More fundamentally, no ch. 93A violation appears viable on the merits. To constitute an unfair practice giving rise to ch. 93A liability, the conduct in question must be “egregious.” Baker v. Goldman, Sachs & Co ., 771 F.3d 37, 51 (1st Cir.2014). Behavior that satisfies “the standard of the commercial marketplace” does not violate 93A. Commercial Union Ins. Co . v. Seven Provinces Ins. Co ., 217 F.3d 33, 40 (1st Cir.2000). Narragansett's behavior, even indulging every inference in the Kaplans favor, does not qualify. The reservation of rights, followed by orderly recourse to a declaratory judgment action for the judicial determination of the duty to defend, is a standard and prudent practice in the insurance industry, as recognized in the case law. Narragansett has followed that practice and the Kaplans have offered neither allegation nor evidence to suggest any behavior worse than, or even different from, the norm. See Hanover Ins. Co. v. Golden , 51 Mass.App.Ct. 465, 746 N.E.2d 574, 576 (2001) aff'd , 436 Mass. 584, 766 N.E.2d 838 (2002) (finding “not much substance” in a ch. 93A claim that an insurer's reservation of rights letter and subsequent action for a declaratory judgment were unfair acts). Even an incorrect but reasonable insurer determination to contest its duty to defend would not, as a matter of law, support a claim under ch. 93A. Cf. Polaroid Corp. v. Travelers Indem. Co., 414 Mass. 747, 610 N.E.2d 912, 916 (1993). “There is nothing immoral, unethical or oppressive in such an action.” Boston Symphony Orchestra, Inc. v. Commercial Union Ins. Co ., 406 Mass. 7, 545 N.E.2d 1156, 1160 (1989). Where the complaint in the underlying action asserted three causes of action not covered by the policy, an insurer hardly acts unfairly in seeking a judicial determination whether its duty to defend is in force. Narragansett's motion for summary judgment will be granted on the Kaplans' ch. 93A claims.

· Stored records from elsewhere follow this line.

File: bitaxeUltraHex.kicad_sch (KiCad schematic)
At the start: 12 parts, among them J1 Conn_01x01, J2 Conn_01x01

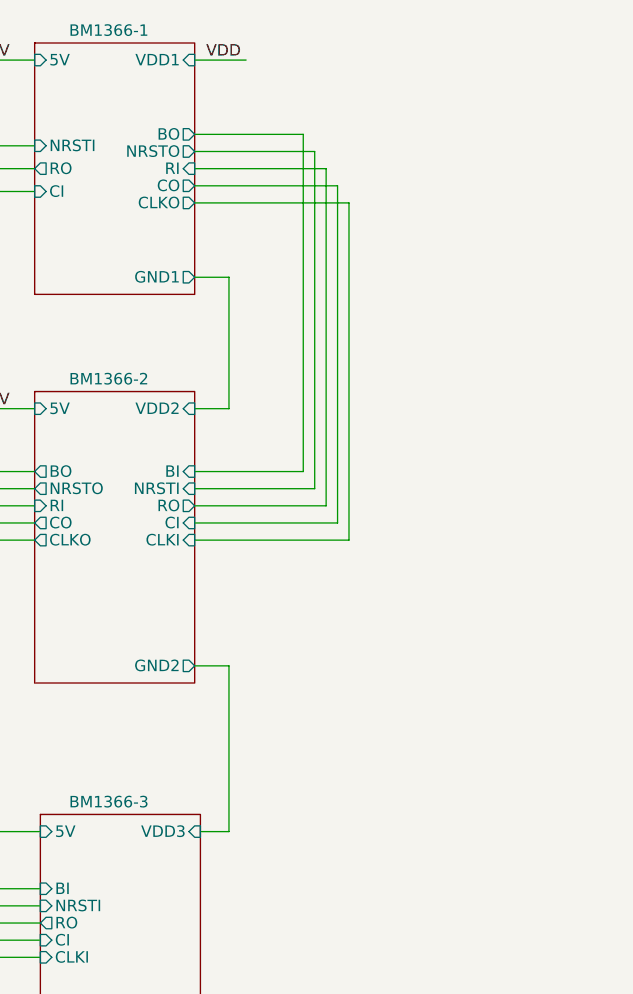
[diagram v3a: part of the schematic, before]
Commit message: Replace reference voltage regulators with new one
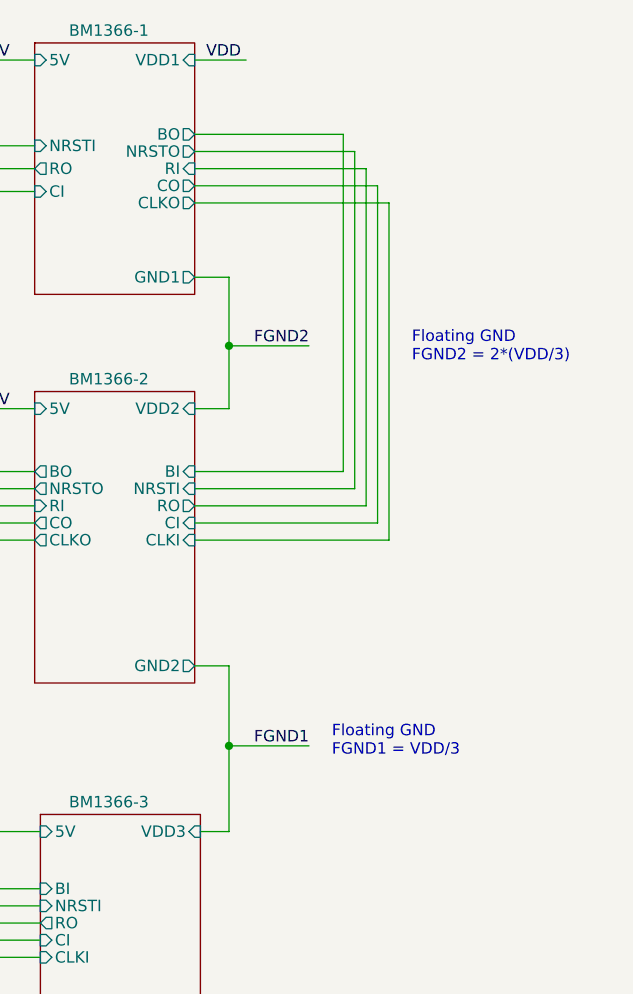
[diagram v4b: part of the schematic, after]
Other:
- note added: "Floating GND FGND1 = VDD/3"
- note added: "Floating GND FGND2 = 2*(VDD/3)"
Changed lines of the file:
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@@
     (rev "1")
   )
+  (junction (at 172.72 106.68) (diameter 0) (color 0 0 0 0)
+  )
+  (junction (at 172.72 62.23) (diameter 0) (color 0 0 0 0)
+  )
   (junction (at 102.235 80.01) (diameter 0) (color 0 0 0 0)
   )
@@
     (stroke (width 0) (type default))
   )
-  (wire (pts (xy 184.785 44.45) (xy 184.785 81.915))
+  (wire (pts (xy 189.23 44.45) (xy 189.23 81.915))
     (stroke (width 0) (type default))
   )
@@
     (stroke (width 0) (type default))
   )
-  (wire (pts (xy 168.91 46.355) (xy 186.055 46.355))
+  (wire (pts (xy 172.72 106.68) (xy 172.72 116.205))
+    (stroke (width 0) (type default))
+  )
+  (wire (pts (xy 168.91 46.355) (xy 190.5 46.355))
     (stroke (width 0) (type default))
   )
@@
     (stroke (width 0) (type default))
   )
-  (wire (pts (xy 168.91 42.545) (xy 183.515 42.545))
+  (wire (pts (xy 168.91 42.545) (xy 187.96 42.545))
     (stroke (width 0) (type default))
   )
@@
     (stroke (width 0) (type default))
   )
-  (wire (pts (xy 183.515 42.545) (xy 183.515 80.01))
+  (wire (pts (xy 187.96 42.545) (xy 187.96 80.01))
     (stroke (width 0) (type default))
   )
@@
     (stroke (width 0) (type default))
   )
+  (wire (pts (xy 172.72 62.23) (xy 172.72 69.215))
+    (stroke (width 0) (type default))
+  )
   (wire (pts (xy 117.475 45.085) (xy 117.475 90.805))
     (stroke (width 0) (type default))
@@
     (stroke (width 0) (type default))
   )
-  (wire (pts (xy 168.91 38.735) (xy 180.975 38.735))
-    (stroke (width 0) (type default))
-  )
-  (wire (pts (xy 180.975 76.2) (xy 168.91 76.2))
+  (wire (pts (xy 168.91 38.735) (xy 185.42 38.735))
+    (stroke (width 0) (type default))
+  )
+  (wire (pts (xy 185.42 76.2) (xy 168.91 76.2))
     (stroke (width 0) (type default))
   )
@@
     (stroke (width 0) (type default))
   )
-  (wire (pts (xy 168.91 44.45) (xy 184.785 44.45))
+  (wire (pts (xy 168.91 44.45) (xy 189.23 44.45))
     (stroke (width 0) (type default))
   )
@@
     (stroke (width 0) (type default))
   )
-  (wire (pts (xy 186.055 46.355) (xy 186.055 83.82))
-    (stroke (width 0) (type default))
-  )
-  (wire (pts (xy 186.055 83.82) (xy 168.91 83.82))
-    (stroke (width 0) (type default))
-  )
-  (wire (pts (xy 180.975 38.735) (xy 180.975 76.2))
+  (wire (pts (xy 190.5 46.355) (xy 190.5 83.82))
+    (stroke (width 0) (type default))
+  )
+  (wire (pts (xy 190.5 83.82) (xy 168.91 83.82))
+    (stroke (width 0) (type default))
+  )
+  (wire (pts (xy 185.42 38.735) (xy 185.42 76.2))
     (stroke (width 0) (type default))
   )
@@
     (stroke (width 0) (type default))
   )
-  (wire (pts (xy 182.245 40.64) (xy 168.91 40.64))
+  (wire (pts (xy 186.69 40.64) (xy 168.91 40.64))
     (stroke (width 0) (type default))
   )
@@
     (stroke (width 0) (type default))
   )
-  (wire (pts (xy 182.245 78.105) (xy 182.245 40.64))
+  (wire (pts (xy 186.69 78.105) (xy 186.69 40.64))
     (stroke (width 0) (type default))
   )
@@
     (stroke (width 0) (type default))
   )
+  (wire (pts (xy 172.72 106.68) (xy 181.61 106.68))
+    (stroke (width 0) (type default))
+  )
   (wire (pts (xy 133.985 80.01) (xy 133.985 126.365))
     (stroke (width 0) (type default))
   )
+  (wire (pts (xy 172.72 62.23) (xy 181.61 62.23))
+    (stroke (width 0) (type default))
+  )
   (wire (pts (xy 102.235 42.545) (xy 102.235 80.01))
     (stroke (width 0) (type default))
   )
-  (wire (pts (xy 183.515 80.01) (xy 168.91 80.01))
-    (stroke (width 0) (type default))
-  )
-  (wire (pts (xy 172.72 54.61) (xy 172.72 69.215))
+  (wire (pts (xy 187.96 80.01) (xy 168.91 80.01))
+    (stroke (width 0) (type default))
+  )
+  (wire (pts (xy 172.72 54.61) (xy 172.72 62.23))
     (stroke (width 0) (type default))
   )
@@
     (stroke (width 0) (type default))
   )
-  (wire (pts (xy 172.72 97.79) (xy 172.72 116.205))
+  (wire (pts (xy 172.72 97.79) (xy 172.72 106.68))
     (stroke (width 0) (type default))
   )
@@
     (stroke (width 0) (type default))
   )
-  (wire (pts (xy 184.785 81.915) (xy 168.91 81.915))
+  (wire (pts (xy 189.23 81.915) (xy 168.91 81.915))
     (stroke (width 0) (type default))
   )
@@
     (stroke (width 0) (type default))
   )
-  (wire (pts (xy 168.91 78.105) (xy 182.245 78.105))
+  (wire (pts (xy 168.91 78.105) (xy 186.69 78.105))
     (stroke (width 0) (type default))
   )
@@
     (effects (font (size 1.27 1.27)) (justify left bottom))
   )
+  (text "Floating GND\nFGND1 = VDD/3" (at 184.15 107.95 0)
+    (effects (font (size 1.27 1.27)) (justify left bottom))
+  )
+  (text "Floating GND\nFGND2 = 2*(VDD/3)" (at 193.04 64.135 0)
+    (effects (font (size 1.27 1.27)) (justify left bottom))
+  )
+  (label "FGND1" (at 181.61 106.68 180) (fields_autoplaced)
+    (effects (font (size 1.27 1.27)) (justify right bottom))
+  )
   (label "5V" (at 146.05 30.48 0) (fields_autoplaced)
     (effects (font (size 1.27 1.27)) (justify left bottom))
@@
     (effects (font (size 1.27 1.27)) (justify left bottom))
   )
+  (label "FGND2" (at 181.61 62.23 180) (fields_autoplaced)
+    (effects (font (size 1.27 1.27)) (justify right bottom))
+  )
   (label "3V3" (at 61.595 73.66 0) (fields_autoplaced)

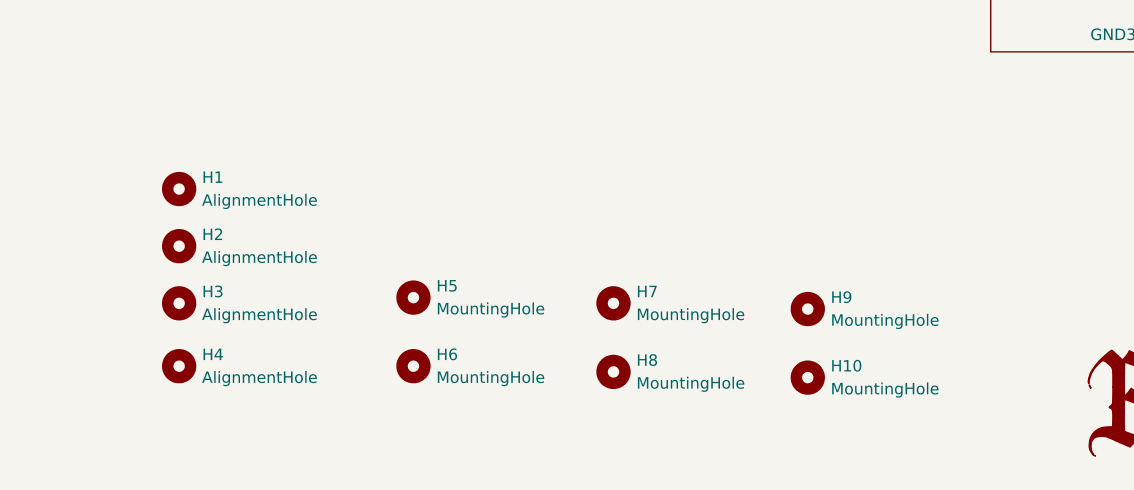
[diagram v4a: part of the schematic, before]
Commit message: changed USB connector to USB C. updated display.
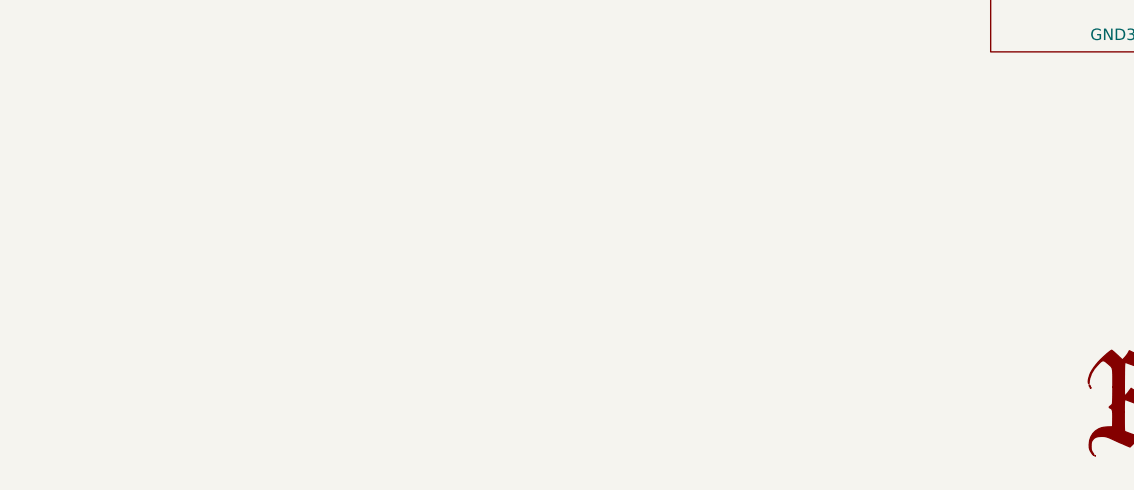
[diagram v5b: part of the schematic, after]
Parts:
- removed H1, H2, H3, H4: AlignmentHole, MountingHole:MountingHole_2.2mm_M2, symbol Mechanical:MountingHole
- removed H10, H5, H6, H7, H8, H9: MountingHole, MountingHole:MountingHole_3.5mm, symbol Mechanical:MountingHole
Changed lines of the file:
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@@
-    )
-  )
-  (symbol (lib_id "Mechanical:MountingHole") (at 61.595 168.91 0) (unit 1)
-    (in_bom no) (on_board yes) (dnp no) (fields_autoplaced)
-    (property "Reference" "H3" (at 64.135 167.6399 0)
-      (effects (font (size 1.27 1.27)) (justify left))
-    )
-    (property "Value" "AlignmentHole" (at 64.135 170.1799 0)
-      (effects (font (size 1.27 1.27)) (justify left))
-    )
-    (property "Footprint" "MountingHole:MountingHole_2.2mm_M2" (at 61.595 168.91 0)
-      (effects (font (size 1.27 1.27)) hide)
-    )
-    (property "Datasheet" "~" (at 61.595 168.91 0)
-      (effects (font (size 1.27 1.27)) hide)
-    )
-    (property "PARTNO" "https://www.amazon.com/dp/B07MDFS1YS" (at 61.595 168.91 0)
-      (effects (font (size 1.27 1.27)) hide)
-    )
-    (instances
-      (project "bitaxeUltraHex"
-        (path "/e63e39d7-6ac0-4ffd-8aa3-1841a4541b55"
-          (reference "H3") (unit 1)
-        )
-      )
-    )
-  )
-  (symbol (lib_id "Mechanical:MountingHole") (at 109.855 168.91 0) (unit 1)
-    (in_bom no) (on_board yes) (dnp no) (fields_autoplaced)
-    (property "Reference" "H7" (at 112.395 167.6399 0)
-      (effects (font (size 1.27 1.27)) (justify left))
-    )
-    (property "Value" "MountingHole" (at 112.395 170.1799 0)
-      (effects (font (size 1.27 1.27)) (justify left))
-    )
-    (property "Footprint" "MountingHole:MountingHole_3.5mm" (at 109.855 168.91 0)
-      (effects (font (size 1.27 1.27)) hide)
-    )
-    (property "Datasheet" "~" (at 109.855 168.91 0)
-      (effects (font (size 1.27 1.27)) hide)
-    )
-    (instances
-      (project "bitaxeUltraHex"
-        (path "/e63e39d7-6ac0-4ffd-8aa3-1841a4541b55"
-          (reference "H7") (unit 1)
-        )
-      )
-    )
-  )
-  (symbol (lib_id "Mechanical:MountingHole") (at 131.445 177.165 0) (unit 1)
-    (in_bom no) (on_board yes) (dnp no) (fields_autoplaced)
-    (property "Reference" "H10" (at 133.985 175.8949 0)
-      (effects (font (size 1.27 1.27)) (justify left))
-    )
-    (property "Value" "MountingHole" (at 133.985 178.4349 0)
-      (effects (font (size 1.27 1.27)) (justify left))
-    )
-    (property "Footprint" "MountingHole:MountingHole_3.5mm" (at 131.445 177.165 0)
-      (effects (font (size 1.27 1.27)) hide)
-    )
-    (property "Datasheet" "~" (at 131.445 177.165 0)
-      (effects (font (size 1.27 1.27)) hide)
-    )
-    (instances
-      (project "bitaxeUltraHex"
-        (path "/e63e39d7-6ac0-4ffd-8aa3-1841a4541b55"
-          (reference "H10") (unit 1)
-        )
-      )
-    )
-  )
-  (symbol (lib_id "Mechanical:MountingHole") (at 109.855 176.53 0) (unit 1)
-    (in_bom no) (on_board yes) (dnp no) (fields_autoplaced)
-    (property "Reference" "H8" (at 112.395 175.2599 0)
-      (effects (font (size 1.27 1.27)) (justify left))
-    )
-    (property "Value" "MountingHole" (at 112.395 177.7999 0)
-      (effects (font (size 1.27 1.27)) (justify left))
-    )
-    (property "Footprint" "MountingHole:MountingHole_3.5mm" (at 109.855 176.53 0)
-      (effects (font (size 1.27 1.27)) hide)
-    )
-    (property "Datasheet" "~" (at 109.855 176.53 0)
-      (effects (font (size 1.27 1.27)) hide)
-    )
-    (instances
-      (project "bitaxeUltraHex"
-        (path "/e63e39d7-6ac0-4ffd-8aa3-1841a4541b55"
-          (reference "H8") (unit 1)
-        )
-      )
     )
   )
@@
         (path "/e63e39d7-6ac0-4ffd-8aa3-1841a4541b55"
           (reference "#G1") (unit 1)
-        )
-      )
-    )
-  )
-  (symbol (lib_id "Mechanical:MountingHole") (at 61.595 162.56 0) (unit 1)
-    (in_bom no) (on_board yes) (dnp no) (fields_autoplaced)
-    (property "Reference" "H2" (at 64.135 161.2899 0)
-      (effects (font (size 1.27 1.27)) (justify left))
-    )
-    (property "Value" "AlignmentHole" (at 64.135 163.8299 0)
-      (effects (font (size 1.27 1.27)) (justify left))
-    )
-    (property "Footprint" "MountingHole:MountingHole_2.2mm_M2" (at 61.595 162.56 0)
-      (effects (font (size 1.27 1.27)) hide)
-    )
-    (property "Datasheet" "~" (at 61.595 162.56 0)
-      (effects (font (size 1.27 1.27)) hide)
-    )
-    (property "PARTNO" "https://www.amazon.com/dp/B07MDFS1YS" (at 61.595 162.56 0)
-      (effects (font (size 1.27 1.27)) hide)
-    )
-    (instances
-      (project "bitaxeUltraHex"
-        (path "/e63e39d7-6ac0-4ffd-8aa3-1841a4541b55"
-          (reference "H2") (unit 1)
         )
       )
@@
         )
       )
-    )
-  )
-  (symbol (lib_id "Mechanical:MountingHole") (at 61.595 156.21 0) (unit 1)
-    (in_bom no) (on_board yes) (dnp no) (fields_autoplaced)
-    (property "Reference" "H1" (at 64.135 154.9399 0)
-      (effects (font (size 1.27 1.27)) (justify left))
-    )
-    (property "Value" "AlignmentHole" (at 64.135 157.4799 0)
-      (effects (font (size 1.27 1.27)) (justify left))
-    )
-    (property "Footprint" "MountingHole:MountingHole_2.2mm_M2" (at 61.595 156.21 0)
-      (effects (font (size 1.27 1.27)) hide)
-    )
-    (property "Datasheet" "~" (at 61.595 156.21 0)
-      (effects (font (size 1.27 1.27)) hide)
-    )
-    (property "PARTNO" "https://www.amazon.com/dp/B07MDFS1YS" (at 61.595 156.21 0)
-      (effects (font (size 1.27 1.27)) hide)
-    )
-    (instances
-      (project "bitaxeUltraHex"
-        (path "/e63e39d7-6ac0-4ffd-8aa3-1841a4541b55"
-          (reference "H1") (unit 1)
-        )
-      )
-    )
-  )
-  (symbol (lib_id "Mechanical:MountingHole") (at 87.63 175.895 0) (unit 1)
-    (in_bom no) (on_board yes) (dnp no) (fields_autoplaced)
-    (property "Reference" "H6" (at 90.17 174.6249 0)
-      (effects (font (size 1.27 1.27)) (justify left))
-    )
-    (property "Value" "MountingHole" (at 90.17 177.1649 0)
-      (effects (font (size 1.27 1.27)) (justify left))
-    )
-    (property "Footprint" "MountingHole:MountingHole_3.5mm" (at 87.63 175.895 0)
-      (effects (font (size 1.27 1.27)) hide)
-    )
-    (property "Datasheet" "~" (at 87.63 175.895 0)
-      (effects (font (size 1.27 1.27)) hide)
-    )
-    (instances
-      (project "bitaxeUltraHex"
-        (path "/e63e39d7-6ac0-4ffd-8aa3-1841a4541b55"
-          (reference "H6") (unit 1)
-        )
-      )
-    )
-  )
-  (symbol (lib_id "Mechanical:MountingHole") (at 87.63 168.275 0) (unit 1)
-    (in_bom no) (on_board yes) (dnp no) (fields_autoplaced)
-    (property "Reference" "H5" (at 90.17 167.0049 0)
-      (effects (font (size 1.27 1.27)) (justify left))
-    )
-    (property "Value" "MountingHole" (at 90.17 169.5449 0)
-      (effects (font (size 1.27 1.27)) (justify left))
-    )
-    (property "Footprint" "MountingHole:MountingHole_3.5mm" (at 87.63 168.275 0)
-      (effects (font (size 1.27 1.27)) hide)
-    )
-    (property "Datasheet" "~" (at 87.63 168.275 0)
-      (effects (font (size 1.27 1.27)) hide)
-    )
-    (instances
-      (project "bitaxeUltraHex"
-        (path "/e63e39d7-6ac0-4ffd-8aa3-1841a4541b55"
-          (reference "H5") (unit 1)
-        )
-      )
-    )
-  )
-  (symbol (lib_id "Mechanical:MountingHole") (at 131.445 169.545 0) (unit 1)
-    (in_bom no) (on_board yes) (dnp no) (fields_autoplaced)
-    (property "Reference" "H9" (at 133.985 168.2749 0)
-      (effects (font (size 1.27 1.27)) (justify left))
-    )
-    (property "Value" "MountingHole" (at 133.985 170.8149 0)
-      (effects (font (size 1.27 1.27)) (justify left))
-    )
-    (property "Footprint" "MountingHole:MountingHole_3.5mm" (at 131.445 169.545 0)
-      (effects (font (size 1.27 1.27)) hide)
-    )
-    (property "Datasheet" "~" (at 131.445 169.545 0)
-      (effects (font (size 1.27 1.27)) hide)
-    )
-    (instances
-      (project "bitaxeUltraHex"
-        (path "/e63e39d7-6ac0-4ffd-8aa3-1841a4541b55"
-          (reference "H9") (unit 1)
-        )
-      )
-    )
-  )
-  (symbol (lib_id "Mechanical:MountingHole") (at 61.595 175.895 0) (unit 1)
-    (in_bom no) (on_board yes) (dnp no) (fields_autoplaced)
-    (property "Reference" "H4" (at 64.135 174.6249 0)
-      (effects (font (size 1.27 1.27)) (justify left))
-    )
-    (property "Value" "AlignmentHole" (at 64.135 177.1649 0)
-      (effects (font (size 1.27 1.27)) (justify left))
-    )
-    (property "Footprint" "MountingHole:MountingHole_2.2mm_M2" (at 61.595 175.895 0)
-      (effects (font (size 1.27 1.27)) hide)
-    )
-    (property "Datasheet" "~" (at 61.595 175.895 0)
-      (effects (font (size 1.27 1.27)) hide)
-    )
-    (property "PARTNO" "https://www.amazon.com/dp/B07MDFS1YS" (at 61.595 175.895 0)
-      (effects (font (size 1.27 1.27)) hide)
-    )
-    (instances
-      (project "bitaxeUltraHex"
-        (path "/e63e39d7-6ac0-4ffd-8aa3-1841a4541b55"
-          (reference "H4") (unit 1)
-        )
-      )

F. Counterclaim: Breach of Contract
Finally, the Kaplans assert as two additional counterclaims breach of contract and breach of the covenant of good faith and fair dealing. Again, these counterclaims arise from the same facts and the same conflict over Narragansett's duty to defend. Any claims of breach are as a formal matter premature. In this case, Narragansett merely seeks a declaratory judgment determining whether it has a duty to defend the Kaplans in the underlying suit. It is uncontested that Narragansett has provided the Kaplans with a defense up to this point. Massachusetts does not recognize the doctrine of anticipatory breach, Tucker v. Diamond , 2010 Mass.App.Div. 253 (2010) aff'd , 80 Mass.App.Ct. 1116, 957 N.E.2d 254 (2011) (citing Daniels v. Newton , 114 Mass. 530 (1874) ). Unless and until Narragansett fails to defend or indemnify the Kaplans, at a point when it is obligated to do so, there can be no breach of contract. Thus far, Narragansett has defended the Kaplans under a reservation and I will declare they have no duty to do so; there is no basis at this point to find Narragansett is or will be required to indemnify the Kaplans. No breach has occurred.
IV. CONCLUSION
For the reasons set forth above, I GRANT Narragansett's motion for summary judgment. In this connection, I declare that Narragansett owes the Kaplans no duty to defend them in the underlying Costello action; as a formal matter, I issue no declaratory judgment on Narragansett's duty to indemnify because the issue is not now ripe, if it ever will be.